**Items from a data source**
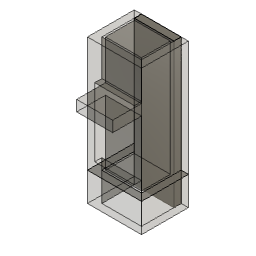
XOR Game v6 (Autodesk Fusion 360 archive; units mm, degrees)
design "Latch"
Autodesk Fusion 360 part; units mm, degrees
sketch "Sketch1" plane through (0, 0, 0) normal (0, 0, 1) x (1, 0, 0)
  line L0 (0, 0) -> (10, 0)
  line L1 (10, 0) -> (10, 8)
  line L2 (10, 8) -> (0, 8)
  line L3 (0, 8) -> (0, 0)
  line L4 (-0.5, 8.5) -> (10.5, 8.5)
  line L5 (10.5, 8.5) -> (10.5, -0.5)
  line L6 (10.5, -0.5) -> (-0.5, -0.5)
  line L7 (-0.5, -0.5) -> (-0.5, 8.5)
  line L8 (-2.5, 10.5) -> (12.5, 10.5)
  line L9 (12.5, 10.5) -> (12.5, -2.5)
  line L10 (12.5, -2.5) -> (-2.5, -2.5)
  line L11 (-2.5, -2.5) -> (-2.5, 10.5)
  dimension "d4" = 10
  dimension "d5" = 8
  dimension "d6" = 0.5
  dimension "d7" = 0.5
  dimension "d8" = 0.5
  dimension "d9" = 0.5
  dimension "d11" = 2
  dimension "d12" = 2
  dimension "d13" = 2
  dimension "d14" = 2
  constraint horizontal L0
  constraint vertical L1
  constraint horizontal L2
  constraint vertical L3
  constraint coincident L0.start L3.end
  constraint horizontal L4
  constraint vertical L5
  constraint horizontal L6
  constraint vertical L7
  constraint horizontal L8
  constraint vertical L9
  constraint horizontal L10
  constraint vertical L11
  measures "d4" distance of L0.start L0.end
  measures "d5" distance of L0.start L2.end
  measures "d6" distance of L2 L4
  measures "d7" distance of L0 L6
  measures "d8" distance of L3 L7
  measures "d9" distance of L1 L5
  measures "d11" distance of L4 L8
  measures "d12" distance of L6 L10
  measures "d13" distance of L7 L11
  measures "d14" distance of L5 L9
extrude "Extrude1" add sketch "Sketch1" along normal blind 8 contours L8 L9 L10 L11 makes body 1
extrude "Extrude2" add sketch "Sketch1" along normal blind 40 separate body contours L0 L1 L2 L3 makes body 2
sketch "Sketch2" plane through (0, 0, 8) normal (0, 0, 1) x (-1, 0, 0)
  line L0 (-10.5, 0.5) -> (0.5, 0.5)
  line L1 (0.5, 0.5) -> (0.5, -8.5)
  line L2 (0.5, -8.5) -> (-10.5, -8.5)
  line L3 (-10.5, -8.5) -> (-10.5, 0.5)
  line L4 (2.5, 2.5) -> (-12.5, 2.5)
  line L5 (-12.5, 2.5) -> (-12.5, -10.5)
  line L6 (-12.5, -10.5) -> (2.5, -10.5)
  line L7 (2.5, -10.5) -> (2.5, 2.5)
extrude "Extrude3" add sketch "Sketch2" along normal up to surface (32 mm away) separate body makes body 3
sketch "Sketch3" plane through (0, -2.5, 0) normal (0, -1, 0) x (1, 0, 0)
  line L0 (-2.5, 8) -> (12.5, 8)
  line L1 (12.5, 8) -> (12.5, 40)
  line L2 (12.5, 40) -> (-2.5, 40)
  line L3 (-2.5, 40) -> (-2.5, 8)
  line L4 (10.5, 8) -> (-0.5, 8)
  line L5 (-0.5, 8) -> (-0.5, 40)
  line L6 (-0.5, 40) -> (10.5, 40)
  line L7 (10.5, 40) -> (10.5, 8)
  line L8 (-0.5, 30) -> (10.5, 30)
  line L9 (10.5, 30) -> (10.5, 11)
  line L10 (10.5, 11) -> (-0.5, 11)
  line L11 (-0.5, 11) -> (-0.5, 30)
  dimension "d21" = 10
  dimension "d22" = 3
  constraint horizontal L8
  constraint vertical L9
  constraint horizontal L10
  constraint vertical L11
  constraint coincident L7 L9.end
  constraint coincident L5 L8.start
  measures "d21" distance of L2 L8
  measures "d22" distance of L4 L10
extrude "Extrude4" cut sketch "Sketch3" against normal up to surface (2 mm away) contours L5 L7 L8 L9 L10 L11 bodies 3
sketch "Sketch4" plane through (0, 0, 0) normal (0, -1, 0) x (1, 0, 0)
  line L0 (0, 0) -> (10, 0)
  line L1 (10, 0) -> (10, 40)
  line L2 (10, 40) -> (0, 40)
  line L3 (0, 40) -> (0, 0)
  line L4 (-0.5, 11) -> (-0.5, 30)
  line L5 (-0.5, 30) -> (10.5, 30)
  line L6 (10.5, 30) -> (10.5, 11)
  line L7 (10.5, 11) -> (-0.5, 11)
  line L8 (12.5, 40) -> (-2.5, 40)
  line L9 (-2.5, 40) -> (-2.5, 8)
  line L10 (-2.5, 8) -> (12.5, 8)
  line L11 (12.5, 8) -> (12.5, 40)
  line L12 (0, 29) -> (10, 29)
  line L13 (10, 29) -> (10, 26)
  line L14 (10, 26) -> (0, 26)
  line L15 (0, 26) -> (0, 29)
  dimension "d26" = 3
  dimension "d27" = 1
  constraint horizontal L12
  constraint vertical L13
  constraint horizontal L14
  constraint vertical L15
  constraint coincident L3 L12.start
  measures "d26" distance of L12.start L14.end
  measures "d27" distance of L5 L12
extrude "Extrude5" add sketch "Sketch4" along normal blind 8 contours L1 L3 L12 L13 L14 L15 bodies 2
extrude "Extrude6" cut sketch "Sketch1" along normal up to surface (8 mm away) contours L0 L1 L2 L3 bodies 2
copy_body "Body->Comp1" bodies 2 removing the originals makes body 4 in component "Component"
copy_body "Body->Comp2" bodies 3 removing the originals makes body 5 in component "Component'"
extrude "Extrude1'" cut 1 faces at (3.1667, 8.5, 18.6667) along direction (0, 1, 0) blind 2 on bodies 5 bodies 5 in component "Component'"
extrude "Extrude7" cut 1 faces at (3.1667, 8.5, 2.6667) along direction (0, 1, 0) blind 2 on bodies 1 bodies 1
sketch "Sketch5" plane through (0, 10.5, 0) normal (0, 1, 0) x (-1, 0, 0)
  line L0 (-10.5, 8) -> (-10.5, 40)
  line L1 (-10.5, 40) -> (-12.5, 40)
  line L2 (-12.5, 40) -> (-12.5, 8)
  line L3 (-12.5, 8) -> (-10.5, 8)
  line L4 (-10.5, 0) -> (0.5, 0)
  line L5 (0.5, 0) -> (0.5, 8)
  line L6 (0.5, 8) -> (-10.5, 8)
  line L7 (-10.5, 8) -> (-10.5, 0)
  line L8 (-10.5, 30) -> (0.5, 30)
  line L9 (0.5, 30) -> (0.5, 40)
  line L10 (0.5, 40) -> (-10.5, 40)
  line L11 (-10.5, 40) -> (-10.5, 30)
  line L12 (-10.5, 40) -> (0.5, 40)
  line L13 (0.5, 40) -> (0.5, 0)
  line L14 (0.5, 0) -> (-10.5, 0)
  line L15 (-10.5, 0) -> (-10.5, 40)
  constraint horizontal L12
  constraint vertical L13
  constraint horizontal L14
  constraint vertical L15
  constraint coincident L4.end L5.start
  constraint coincident L0.end L1.start
extrude "Extrude8" add sketch "Sketch5" against normal blind 2 separate body contours L0 L6 L8 L13 L15 | L4 L5 L6 L7 L13 L14 L15 | L0 L8 L9 L10 L11 L12 L13 L15 makes body 6
component "Component" placed x (1, 0, 0) y (0, 1, 0) z (0, 0, 1) at (0, 0, 0)
component "Component'" placed x (1, 0, 0) y (0, 1, 0) z (0, 0, 1) at (0, 0, 0)
equation "Latch_width = 10 mm"
equation "Latch_height = 8 mm"
equation "Latch_gap = 0.5 mm"
equation "d4 = Latch_width"
equation "d5 = Latch_height"
equation "d6 = Latch_gap"
equation "d7 = Latch_gap"
equation "d8 = Latch_gap"
equation "d9 = Latch_gap"
equation "Latch_shell_thickness = 2 mm"
equation "d11 = Latch_shell_thickness"
equation "d12 = Latch_shell_thickness"
equation "d13 = Latch_shell_thickness"
equation "d14 = Latch_shell_thickness"

**Required work**
From the data above, give the number of lines that hold "plane", without anything else.

**Answer section**
5